I love instant gratification.  And they're comfy!

(As a side note, these are not actually sewn, I needle felted them with my super cool needle felting machine -- even more fun!)

Wednesday, February 16, 2011

The cure for a Bad Attitude

Today is a Mom day. That means that I don't work for money, but instead focus primarily on raising kids. And homeschooling, cleaning the house and such. Things were going swell until, oh, maybe 10:00 am. Most of the morning chores were done, and Bennet was done with his reading. Tommy was being a total pill, and I couldn't get the dishes finished because he was constantly needing attention. So I sat down on the couch to cuddle him and have Lisel start her reading.

Bennet took this as a cue to wind everyone up as much as possible, and the fighting began. "I'm playing with this, you get away", and "But I had it first", and "I got what you wan-ted" were abounding. My attitude was headed south fast too.

The mantra of Ann's book is "Eucharisteo always precedes a miracle". I, in my less-poetic life have translated it to "Gratitude precedes a miracle". And I needed a miracle if our attitudes this morning were to be salvaged.

So I got out my new notebook - the one bought on Valentine's day evening, so that I would actually write things down rather than wait to turn on the computer. And I called the kids together.  I told them that it was a list of some of the gifts that God has given me, and that I'm thankful for. I read to them "Children waking up singing", "Crunchy snow under my shoes", and "Birds returning for spring". Then I asked them what sorts of good gifts God had given them. We went around in circles, each saying one, around and around. "My toolbox", "my bed", "dollys for my birthday" started off the mix, then "kittens at Papa Deweys", "horses" and "designs of clouds in the sky".

Happier now, we took a walk. At the kids' request we took along the notebook, and a lunch, and continued. As we enjoyed the first picnic of spring the kids added "the pretty rocks in the park", "little baby pine trees", "shiny bikes" and a host of others. The kids alone added nearly eighty entries in that new notebook this morning.

And the miracle happened. From the time I showed them my notebook until we were just getting ready to pack up and head home, there wasn't a single unkind word uttered among the children (wish I could say so for myself). Matt offered to share his scooter on the walk, and they all took turns willingly. Bennet took extra time to help Josephine, Mattias and Thomas on the slides. Lisel quickly and happily obeyed when I asked her to change the laundry really quick before we left (that's her chore). It was almost surreal.

So, in thanksgiving for the power of gratitude, I'm going to copy here, the entries from this morning in new gratitude journal. These are God's gifts to us, and we are so grateful for them!

(Oh, and I tried to take pictures to accompany some of these, but the camera won't work for me today. Notice that's not on my list....)  

holy experience

One thousand gifts, numbers 131 - 203 (Child additions are in blue, with repeats among the kids omitted)

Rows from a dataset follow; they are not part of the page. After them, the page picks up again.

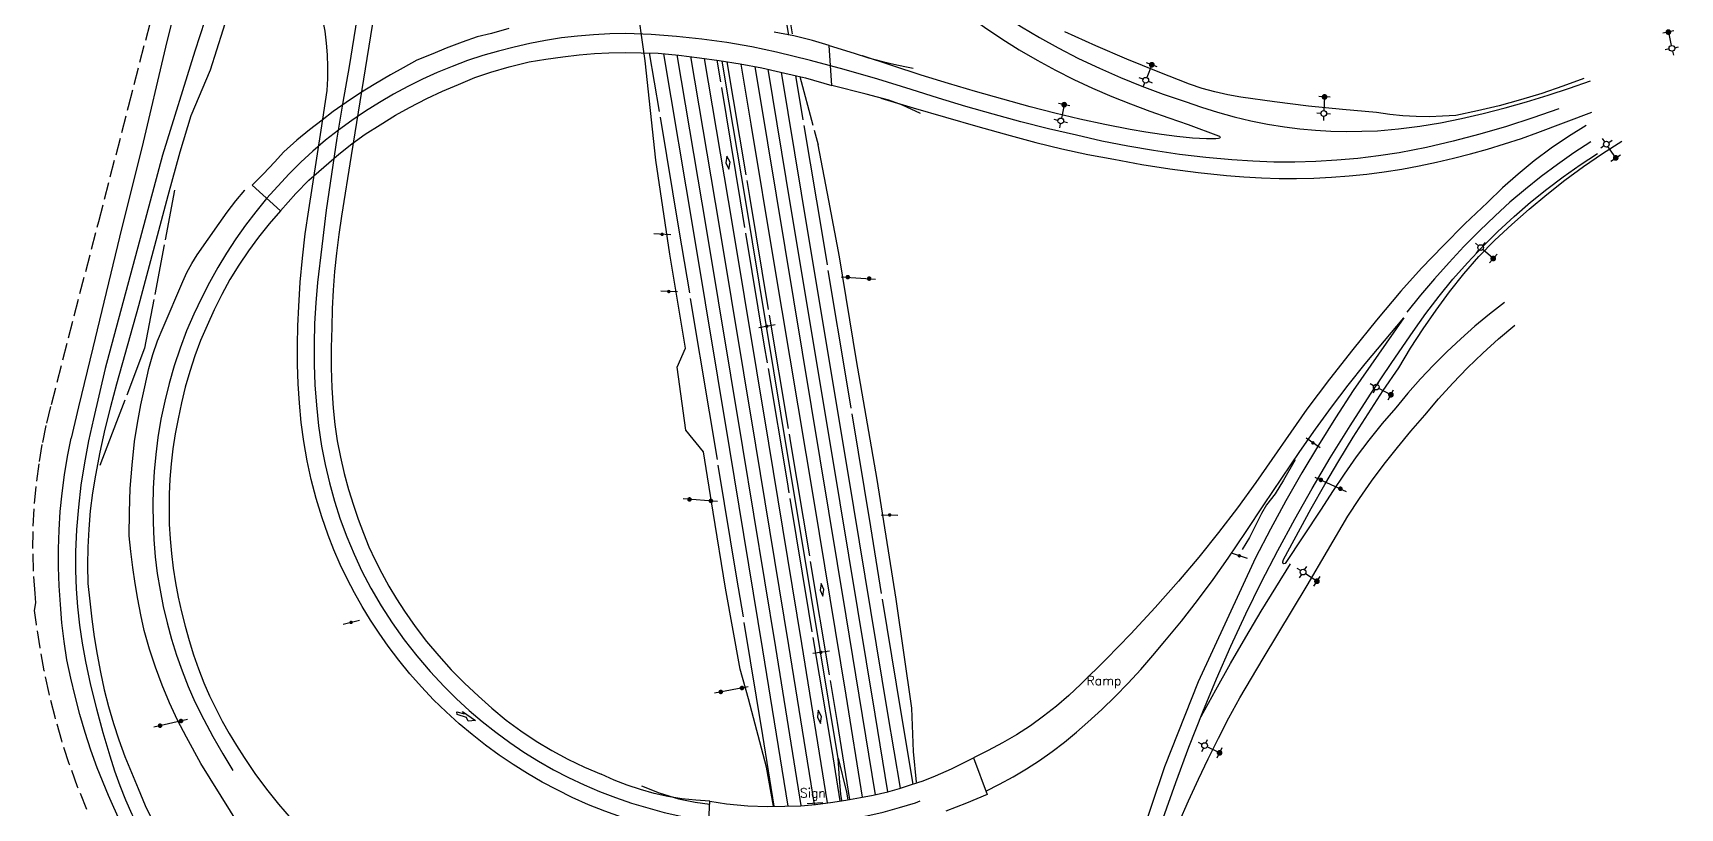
# Model space of a CAD drawing. Extents: x 6041699 to 6043693, y 2130904 to 2137891.
# Drawn here: x 6041699 to 6043135, y 2135925 to 2136600 of the extents above; entities that cross this region are included whole.
import ezdxf
from ezdxf.enums import TextEntityAlignment as Align

# ---------------------------------------------------------------- set-up
doc = ezdxf.new("R2010")
doc.units = 0
doc.header["$LTSCALE"] = 100
doc.header["$MEASUREMENT"] = 0
for name, pattern in [('D2', [0.2, 0.15, -0.05]), ('D5', [1.05, 1, -0.05]), ('D6', [1.3, 1.25, -0.05]), ('GRAIL', [0.5, 0.44, -0.03, -0.03]), ('RET', [0.485, 0.44, -0.03, -0.015])]:
    doc.linetypes.add(name, pattern=pattern)
doc.layers.get('0').update_dxf_attribs({"color": 1, "linetype": 'CONTINUOUS'})
for name, color, linetype in [('100', 2, 'CONTINUOUS'), ('105', 2, 'D6'), ('140', 2, 'D2'), ('150', 3, 'D5'), ('154', 3, 'CONTINUOUS'), ('160', 4, 'CONTINUOUS'), ('199', 2, 'CONTINUOUS'), ('205', 4, 'CONTINUOUS'), ('210', 4, 'RET'), ('215', 4, 'GRAIL'), ('260', 4, 'CONTINUOUS'), ('262', 4, 'CONTINUOUS'), ('264', 4, 'CONTINUOUS'), ('299', 2, 'CONTINUOUS'), ('584', 2, 'CONTINUOUS')]:
    doc.layers.add(name, color=color, linetype=linetype)
doc.styles.get("Standard").update_dxf_attribs({"font": 'SIMPLEX.SHX'})

# ---------------------------------------------------------------- blocks, each defined once
blk = doc.blocks.new('SIGN1')
blk.add_line((-0.0758, 0), (0.0704, 0))
at = {"const_width": 0.015}
blk.add_lwpolyline([(-0.008175, 0, 1), (0.006825, 0, 1)], format="xyb", close=True, dxfattribs=at)
blk = doc.blocks.new('ELT')
at = {"const_width": 0.025}
blk.add_lwpolyline([(-0.0125, 0, 1), (0.0125, 0, 1)], format="xyb", close=True, dxfattribs=at)
for points in [[(0, 0.05), (0, -0.05)], [(0, 0), (0.12, 0)], [(0.145, 0.025), (0.145, 0.06)], [(0.17, 0), (0.205, 0)], [(0.145, -0.025), (0.145, -0.06)]]:
    blk.add_lwpolyline(points)
blk.add_circle((0.145, 0), 0.025)
blk = doc.blocks.new('SIGN2')
blk.add_lwpolyline([(-0.15, 0), (0.15, 0)])
at = {"const_width": 0.02}
for points in [[(-0.10375, 0, 1), (-0.08375, 0, 1)], [(0.08375, 0, 1), (0.10375, 0, 1)]]:
    blk.add_lwpolyline(points, format="xyb", close=True, dxfattribs=at)

msp = doc.modelspace()

# ---------------------------------------------------------------- linework, layer by layer
at = {"layer": '100'}
for points, elevation in [([(6042046.9, 2136930.3), (6042037.7, 2136874), (6042025.5, 2136797.6), (6042011.7, 2136713.3), (6041999.1, 2136635.9), (6041976.4, 2136493.5), (6041967.8, 2136440.6)], 13.7), ([(6041955.4, 2136550.2), (6041955.9, 2136560.5), (6041956, 2136570.8), (6041955.7, 2136581.2), (6041954.8, 2136591.5), (6041953.5, 2136601.8), (6041951.7, 2136612)], 13), ([(6042473.4, 2136563.6), (6042422, 2136580.3), (6042421.8, 2136580.4)], 32.5), ([(6042568.2, 2136535.9), (6042544.4, 2136542.5), (6042520.6, 2136549.3), (6042497, 2136556.4), (6042473.4, 2136563.6)], 30), ([(6041939.4, 2136446.1), (6041950, 2136515.5), (6041955.4, 2136550.2)], 13.5), ([(6042438.2, 2136543.6), (6042466.3, 2136535.2), (6042494.5, 2136526.9), (6042522.7, 2136518.8), (6042551, 2136510.9)], 31.4), ([(6042655.5, 2136516.3), (6042633.5, 2136520.6), (6042611.7, 2136525.3), (6042589.9, 2136530.4), (6042568.2, 2136535.9)], 26.9), ([(6043011.1, 2136513.5), (6043058.2, 2136531.2)], 14.6), ([(6042551, 2136510.9), (6042573.4, 2136504.8), (6042595.9, 2136499.4), (6042618.5, 2136494.5), (6042641.3, 2136490.2)], 27.9), ([(6042710, 2136508.7), (6042696.3, 2136510.1), (6042682.7, 2136511.8), (6042669.1, 2136513.9), (6042655.5, 2136516.3)], 24.4), ([(6042706, 2136520.4), (6042732.6, 2136510.7), (6042733.5, 2136510.3), (6042733.9, 2136509.3), (6042733.6, 2136508.6), (6042732.5, 2136508.2), (6042730.2, 2136508), (6042722.1, 2136508.1), (6042710, 2136508.7)], 22.7), ([(6042922.5, 2136487.8), (6042937.5, 2136491.2), (6042952.4, 2136495), (6042967.2, 2136499.1), (6042982, 2136503.6), (6042996.6, 2136508.3), (6043011.1, 2136513.5)], 17.4), ([(6043053, 2136519.8), (6043037.6, 2136510.1), (6043022.5, 2136499.8), (6043007.9, 2136488.9), (6042993.7, 2136477.3), (6042980.1, 2136465.2), (6042967, 2136452.5)], 15.8), ([(6042641.3, 2136490.2), (6042665.7, 2136485.6), (6042690.2, 2136481.8), (6042714.8, 2136478.6), (6042739.5, 2136476.1)], 25.4), ([(6042831.1, 2136474.5), (6042846.4, 2136475.7), (6042861.8, 2136477.3), (6042877.1, 2136479.3), (6042892.3, 2136481.7), (6042907.4, 2136484.6), (6042922.5, 2136487.8)], 20.7), ([(6042739.5, 2136476.1), (6042754.7, 2136474.8), (6042770, 2136473.9), (6042785.3, 2136473.5), (6042800.5, 2136473.4), (6042815.8, 2136473.8), (6042831.1, 2136474.5)], 23.1), ([(6042967, 2136452.5), (6042947.4, 2136433.8), (6042928.3, 2136414.7), (6042909.6, 2136395.2), (6042891.4, 2136375.3)], 19.5), ([(6041914.8, 2136445.2), (6041904.9, 2136434), (6041895.6, 2136422.4), (6041886.8, 2136410.4), (6041878.4, 2136398), (6041870.6, 2136385.3), (6041863.4, 2136372.2), (6041856.7, 2136358.9), (6041850.6, 2136345.3)], 30.2), ([(6041930.5, 2136361.8), (6041931.8, 2136383), (6041933.7, 2136404.1), (6041936.2, 2136425.1), (6041939.4, 2136446.1)], 14.6), ([(6041967.8, 2136440.6), (6041965.4, 2136424.5), (6041963.4, 2136408.4), (6041961.8, 2136392.3), (6041960.6, 2136376.1), (6041959.8, 2136359.8), (6041959.4, 2136343.6)], 14.4), ([(6042891.4, 2136375.3), (6042870.2, 2136350), (6042849.6, 2136324.4), (6042829.3, 2136298.5), (6042809.5, 2136272.2)], 23.5), ([(6042982, 2136365.2), (6042968.9, 2136355.1), (6042956.1, 2136344.6), (6042943.7, 2136333.7), (6042931.6, 2136322.4), (6042919.9, 2136310.8), (6042908.6, 2136298.7), (6042897.7, 2136286.4), (6042887.2, 2136273.6)], 20.5), ([(6041932.7, 2136260.8), (6041931.2, 2136277.6), (6041930.1, 2136294.4), (6041929.5, 2136311.3), (6041929.4, 2136328.1), (6041929.7, 2136345), (6041930.5, 2136361.8)], 16.6), ([(6042860.5, 2136311.9), (6042894, 2136352), (6042850, 2136288.5)], 21.7), ([(6041850.6, 2136345.3), (6041845, 2136332.1), (6041840, 2136318.8), (6041835.5, 2136305.3), (6041831.6, 2136291.6), (6041828.2, 2136277.8), (6041825.3, 2136263.9)], 26.8), ([(6041959.4, 2136343.6), (6041958.8, 2136326), (6041958.8, 2136308.4), (6041959.4, 2136290.9), (6041960.5, 2136273.3)], 15.3), ([(6042803.6, 2136235.3), (6042817.2, 2136254.9), (6042831.2, 2136274.2), (6042845.7, 2136293.2), (6042860.5, 2136311.9)], 24.5), ([(6042850, 2136288.5), (6042834.7, 2136264.9), (6042819.8, 2136241), (6042805.3, 2136216.8), (6042791.3, 2136192.4), (6042777.8, 2136167.7), (6042764.7, 2136142.7)], 23.6), ([(6041960.5, 2136273.3), (6041962.1, 2136258.9), (6041964.2, 2136244.6), (6041966.9, 2136230.4), (6041970.1, 2136216.3), (6041973.9, 2136202.3), (6041978.2, 2136188.5)], 17.2), ([(6042809.5, 2136272.2), (6042765.2, 2136208.5)], 27), ([(6042887.2, 2136273.6), (6042875.2, 2136259.7), (6042863.7, 2136245.4), (6042852.6, 2136230.8), (6042842, 2136215.8), (6042831.8, 2136200.5), (6042822.1, 2136185)], 21.6), ([(6041825.3, 2136263.9), (6041822.8, 2136250.9), (6041820.7, 2136237.8), (6041819.2, 2136224.6), (6041818.2, 2136211.4), (6041817.6, 2136198.2), (6041817.6, 2136184.9)], 23.2), ([(6041956.2, 2136162.4), (6041950.6, 2136178.4), (6041945.7, 2136194.5), (6041941.4, 2136210.9), (6041937.8, 2136227.4), (6041934.9, 2136244.1), (6041932.7, 2136260.8)], 19.6), ([(6042741.1, 2136142.5), (6042756.6, 2136165.8), (6042772.2, 2136189), (6042787.9, 2136212.2), (6042803.6, 2136235.3)], 28.4), ([(6042765.2, 2136208.5), (6042749.1, 2136186.4), (6042732.5, 2136164.7), (6042715.3, 2136143.4), (6042697.7, 2136122.5)], 30.1), ([(6041817.6, 2136184.9), (6041817.7, 2136172.1), (6041818.4, 2136159.3), (6041819.5, 2136146.5), (6041821, 2136133.7), (6041823, 2136121), (6041825.5, 2136108.4)], 20.3), ([(6041978.2, 2136188.5), (6041982.3, 2136176.3), (6041986.9, 2136164.3), (6041991.8, 2136152.4), (6041997.2, 2136140.8), (6042003, 2136129.3), (6042009.2, 2136118.1), (6042015.8, 2136107), (6042022.7, 2136096.2)], 20.7), ([(6042822.1, 2136185), (6042790.8, 2136137.9), (6042789.5, 2136137.6), (6042788.6, 2136138), (6042788.5, 2136139.1), (6042789.2, 2136141.3), (6042813.3, 2136185.8)], 22.6), ([(6042008.6, 2136065.8), (6042000.6, 2136077), (6041993, 2136088.5), (6041985.8, 2136100.3), (6041979.1, 2136112.3), (6041972.7, 2136124.5), (6041966.8, 2136136.9), (6041961.3, 2136149.6), (6041956.2, 2136162.4)], 23.4), ([(6042764.7, 2136142.7), (6042714.9, 2136034.5), (6042685.6, 2135960.6), (6042662.9, 2135893.1), (6042645.4, 2135833.3), (6042631.5, 2135784.3)], 21.9), ([(6042685.8, 2136070), (6042700.3, 2136087.6), (6042714.3, 2136105.6), (6042727.9, 2136123.9), (6042741.1, 2136142.5)], 32), ([(6042697.7, 2136122.5), (6042677.2, 2136099.3), (6042656.1, 2136076.5), (6042634.5, 2136054.3), (6042612.4, 2136032.5)], 32.8), ([(6041825.5, 2136108.4), (6041828.3, 2136095.7), (6041831.5, 2136083.1), (6041835, 2136070.6), (6041838.9, 2136058.2), (6041843.2, 2136045.9), (6041847.8, 2136033.7)], 18.1), ([(6042022.7, 2136096.2), (6042032.1, 2136082.8), (6042042.1, 2136069.8), (6042052.6, 2136057.2), (6042063.6, 2136045), (6042075.2, 2136033.3), (6042087.2, 2136022.2)], 25.1), ([(6042070.5, 2135998.1), (6042059.1, 2136008.3), (6042048.1, 2136019), (6042037.5, 2136030.1), (6042027.4, 2136041.6), (6042017.8, 2136053.5), (6042008.6, 2136065.8)], 27.5), ([(6042618.7, 2135999.5), (6042630.7, 2136010.5), (6042642.3, 2136021.8), (6042653.7, 2136033.4), (6042664.7, 2136045.3), (6042675.4, 2136057.5), (6042685.8, 2136070)], 34.9), ([(6041847.8, 2136033.7), (6041852.8, 2136022.4), (6041858.2, 2136011.3), (6041863.9, 2136000.4), (6041869.9, 2135989.6), (6041876.2, 2135979), (6041882.9, 2135968.6)], 16.5), ([(6042087.2, 2136022.2), (6042099, 2136011.5), (6042111.4, 2136001.3), (6042124.2, 2135991.8), (6042137.5, 2135983), (6042151.2, 2135974.7), (6042165.3, 2135967.2), (6042179.7, 2135960.3), (6042194.4, 2135954.1)], 29.2), ([(6042612.4, 2136032.5), (6042602, 2136022.7), (6042591.2, 2136013.4), (6042580, 2136004.6), (6042568.5, 2135996.3), (6042556.5, 2135988.5), (6042544.2, 2135981.3), (6042531.6, 2135974.6), (6042518.8, 2135968.4)], 34.6), ([(6042169, 2135933.8), (6042155.8, 2135940.3), (6042142.7, 2135947.2), (6042130, 2135954.6), (6042117.5, 2135962.5), (6042105.3, 2135970.8), (6042093.4, 2135979.5), (6042081.8, 2135988.6), (6042070.5, 2135998.1)], 31.4), ([(6042529.6, 2135939.3), (6042541.7, 2135945.3), (6042553.5, 2135951.8), (6042565.1, 2135958.8), (6042576.4, 2135966.1), (6042587.4, 2135973.9), (6042598.2, 2135982), (6042608.6, 2135990.6), (6042618.7, 2135999.5)], 37.2), ([(6041882.9, 2135968.6), (6041892.4, 2135954.7), (6041902.4, 2135941.1), (6041913, 2135927.9), (6041924, 2135915.1), (6041935.6, 2135902.8), (6041947.6, 2135890.9)], 15.9), ([(6042289.1, 2135930.6), (6042276.8, 2135931.3), (6042264.6, 2135932.7), (6042252.5, 2135934.7), (6042240.5, 2135937.3), (6042228.7, 2135940.6), (6042217, 2135944.5), (6042205.6, 2135949), (6042194.4, 2135954.1)], 33), ([(6042287.4, 2135899.7), (6042272.1, 2135901.8), (6042256.9, 2135904.6), (6042241.8, 2135908), (6042226.9, 2135912), (6042212.1, 2135916.6), (6042197.5, 2135921.7), (6042183.1, 2135927.5), (6042169, 2135933.8)], 35.5)]:
    msp.add_lwpolyline(points, dxfattribs=dict(at, elevation=elevation))
at = {"layer": '105'}
for points, elevation in [([(6041952.4, 2137109.1), (6041931.7, 2137034), (6041904.9, 2136933.8), (6041875.3, 2136823.9), (6041840.5, 2136694.9), (6041814.5, 2136588), (6041793.7, 2136500.2), (6041776.3, 2136430.7), (6041750.9, 2136325.9), (6041738.5, 2136274.4), (6041732, 2136247.1)], 14.6), ([(6042361, 2136599.5), (6042348.6, 2136678.6), (6042338.3, 2136746.6), (6042327.4, 2136818.1), (6042320.3, 2136862.8), (6042307.2, 2136938.1), (6042288.8, 2137046.7), (6042293.8, 2137047.5), (6042293.8, 2137047.5)], 14.1), ([(6042344.4, 2135926.1), (6042338.5, 2135960.2), (6042322.6, 2136019.7), (6042315.6, 2136045.5), (6042302.7, 2136116.2), (6042292, 2136182.5), (6042283.5, 2136235.1), (6042268.2, 2136254.1), (6042260.6, 2136308.9), (6042267.8, 2136325.4), (6042254, 2136407.5), (6042242, 2136489.4), (6042232.6, 2136576), (6042221.8, 2136651.7)], 14.1), ([(6041869.9, 2136620.2), (6041853.2, 2136567.9), (6041836.5, 2136528.1), (6041826.8, 2136496.5), (6041816.4, 2136458.3), (6041790.9, 2136362.4), (6041771.8, 2136294.1)], 14.5), ([(6042513.8, 2136615.9), (6042528.5, 2136605.3), (6042543.5, 2136595.2), (6042558.8, 2136585.6), (6042574.4, 2136576.5), (6042590.3, 2136567.8), (6042606.4, 2136559.7), (6042622.8, 2136552.1), (6042639.4, 2136545)], 23), ([(6042707.4, 2136555.7), (6042679.9, 2136566.4), (6042652.6, 2136577.6), (6042625.5, 2136589.2), (6042598.6, 2136601.3)], 19.5), ([(6042752.1, 2136544.5), (6042740.7, 2136546.4), (6042729.4, 2136548.9), (6042718.3, 2136552), (6042707.4, 2136555.7)], 18.3), ([(6043051, 2136560.7), (6043032.9, 2136553.9), (6043014.5, 2136547.6), (6042996, 2136542), (6042977.3, 2136536.9), (6042958.5, 2136532.4), (6042939.5, 2136528.5)], 13.5), ([(6042639.4, 2136545), (6042655.9, 2136538.5), (6042672.6, 2136532.2), (6042689.3, 2136526.2), (6042706, 2136520.4)], 22.6), ([(6042870.4, 2136530.9), (6042840.7, 2136533.5), (6042811.1, 2136536.6), (6042781.5, 2136540.3), (6042752.1, 2136544.5)], 16.9), ([(6042939.5, 2136528.5), (6042928, 2136527.7), (6042916.4, 2136527.3), (6042904.9, 2136527.5), (6042893.3, 2136528.1), (6042881.8, 2136529.3), (6042870.4, 2136530.9)], 15.6), ([(6042469.1, 2135947.1), (6042466.7, 2135973.9), (6042465.1, 2136011.6), (6042451.5, 2136106.7), (6042434.8, 2136211), (6042417, 2136314.8), (6042402.1, 2136405.1), (6042392.8, 2136454.4), (6042383.4, 2136502.9)], 15.1), ([(6042959.4, 2136405.4), (6042973.6, 2136419.6), (6042988.2, 2136433.4), (6043003.3, 2136446.8), (6043018.7, 2136459.6), (6043034.6, 2136472), (6043050.8, 2136483.9), (6043067.4, 2136495.2), (6043084.3, 2136506)], 14.1), ([(6042889.7, 2136308.5), (6042900, 2136325.5), (6042910.9, 2136342.3), (6042922.3, 2136358.6), (6042934.1, 2136374.6), (6042946.5, 2136390.2), (6042959.4, 2136405.4)], 18.8), ([(6042912.5, 2136267), (6042924.4, 2136281.2), (6042936.8, 2136294.9), (6042949.7, 2136308.3), (6042963, 2136321.2), (6042976.8, 2136333.6), (6042990.9, 2136345.6)], 19.8), ([(6042813.3, 2136185.8), (6042825.3, 2136206.7), (6042837.5, 2136227.4), (6042850.1, 2136248), (6042863, 2136268.4), (6042876.2, 2136288.5), (6042889.7, 2136308.5)], 21.9), ([(6041771.8, 2136294.1), (6041766.4, 2136274.5), (6041761.5, 2136254.8), (6041757.2, 2136234.9), (6041753.3, 2136214.9)], 14.8), ([(6042845.3, 2136179), (6042855.4, 2136194.4), (6042866, 2136209.6), (6042877.1, 2136224.4), (6042888.5, 2136238.9), (6042900.3, 2136253.1), (6042912.5, 2136267)], 20.6), ([(6041721.1, 2136150.7), (6041721.6, 2136166.9), (6041722.6, 2136183), (6041724.2, 2136199.2), (6041726.2, 2136215.2), (6041728.8, 2136231.2), (6041732, 2136247.1)], 15.4), ([(6041753.3, 2136214.9), (6041750.8, 2136199.3), (6041748.8, 2136183.6), (6041747.5, 2136167.8), (6041746.7, 2136152), (6041746.5, 2136136.2), (6041746.8, 2136120.4)], 14.4), ([(6042771.6, 2136054.8), (6042810, 2136118.7), (6042845.3, 2136179)], 21.2), ([(6041728.4, 2136053.8), (6041726, 2136069.8), (6041724.1, 2136085.9), (6041722.7, 2136102.1), (6041721.7, 2136118.3), (6041721.1, 2136134.5), (6041721.1, 2136150.7)], 14.7), ([(6041795.9, 2136079.3), (6041792.9, 2136092.9), (6041790.3, 2136106.6), (6041787.9, 2136120.4), (6041785.9, 2136134.2), (6041784.2, 2136148.1), (6041782.8, 2136161.9)], 23.1), ([(6041746.8, 2136120.4), (6041748.3, 2136104.8), (6041750.1, 2136089.3), (6041752.3, 2136073.8), (6041754.8, 2136058.4), (6041757.7, 2136043), (6041760.9, 2136027.7)], 13.6), ([(6041832.6, 2135986.3), (6041824.9, 2136001.1), (6041817.9, 2136016.3), (6041811.4, 2136031.7), (6041805.6, 2136047.3), (6041800.5, 2136063.2), (6041795.9, 2136079.3)], 20), ([(6041754.8, 2135959.7), (6041749.4, 2135975), (6041744.3, 2135990.5), (6041739.7, 2136006.2), (6041735.5, 2136022), (6041731.8, 2136037.8), (6041728.4, 2136053.8)], 14.3), ([(6042715.2, 2135949.6), (6042723.6, 2135967.6), (6042732.4, 2135985.5), (6042741.6, 2136003.1), (6042751.2, 2136020.6), (6042761.2, 2136037.8), (6042771.6, 2136054.8)], 21.4), ([(6041760.9, 2136027.7), (6041764.8, 2136013), (6041769.1, 2135998.4), (6041773.8, 2135983.9), (6041779, 2135969.6), (6041784.6, 2135955.5), (6041790.6, 2135941.5)], 12.9), ([(6041891.5, 2135889), (6041871.2, 2135921.9), (6041845.1, 2135963.4), (6041832.6, 2135986.3)], 18.5), ([(6041797.7, 2135864.2), (6041786.3, 2135887.7), (6041775.3, 2135911.5), (6041764.8, 2135935.5), (6041754.8, 2135959.7)], 14.3), ([(6042668.9, 2135833.4), (6042675.4, 2135853.2), (6042682.4, 2135872.8), (6042689.9, 2135892.3), (6042697.9, 2135911.6), (6042706.3, 2135930.7), (6042715.2, 2135949.6)], 20.3), ([(6041790.6, 2135941.5), (6041796.7, 2135926.9), (6041803.5, 2135912.5), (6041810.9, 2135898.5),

Children waking up happy, singing
Candy sweet oranges
Thomas entertained by a block and a crayon for many minutes
Tubes to toot through
Birds singing in spring
Snow crunching under my feet
Frosty grass crunching under my feet
Light sleeping, so that chickens calling for help at 1am wake me up
Ice pick weapons
Husbands that will use them (the ice pick, that is, as a weapon)
Live animal traps (so that perhaps the chickens will not again need to call for help at 1am)
BB guns (so that perhaps the ice pick will no longer need to serve as a weapon)
Kittens at Papa Deweys
Dolls as a birthday present
Enough nails to make a roof
Neighbor horses
Baby brothers
The sun
The bears on Tommy's blanket
The plants
The house 
Our bikes
The park behind the other house
The park in our neighborhood, here
Nice warm air outside
Our friends
Warm coats
The world
Our church
Drawing pictures
Playing outside
My friend Charlotte
Library books
Ice cream
Arlington Sale
Big brothers
Charlotte's hair
A hatchet to chop those trees
Warm fires
Our cousin's cabin
Singing songs
Kids learning to be grateful
Gratefulness mood improvement
The designs in the clouds "They look like fireworks"
That 58 degrees outside feels like summer
The bouncy horse in the back yards, a gift that Tommy loves right now!
Mulberry trees
Chopped down trees
Little pine trees growning
Birt nests
Shiny bikes (not ours)
The rocks inthe park
Nativity displays, still up in spring
The swish of the air in my ears when I swing
Bit walking sticks
First picnic lunch of Spring
Pine cones
Wind Chimes
Home-made Oreos

Tuesday, February 15, 2011

Saving money off the beaten path

Eventually, in the course of trying to save money, you're going to hit a wall.  You don't buy things unnecessarily, you don't allow yourself very many frivolities, and yet you need to cut down expenses more.  It's time to start re-thinking what's actually a necessity.

What helps me when we come to this is to think about what the "olden days" were like.  How did they survive before everything was instantly available, what sorts of things did they do?  What did they do without that we take for granted now?   And, consequently, what can I do toward living without whatever that is?

What started this journey for me was cloth diapers.  Of course paper diapers (as we now call them) are convenient (no washing them out, yeah!).  But, you pay $15 ish for a package, that lasts 2-3 weeks if you're lucky.  Over at least two years (in reality more like three for most kids), well, that's a lot of money.  Why just throw that away?  Just as my first kid was born, I was given loads of cloth diapers.  And so that journey began.  Paper diapers are a luxury, not a necessity.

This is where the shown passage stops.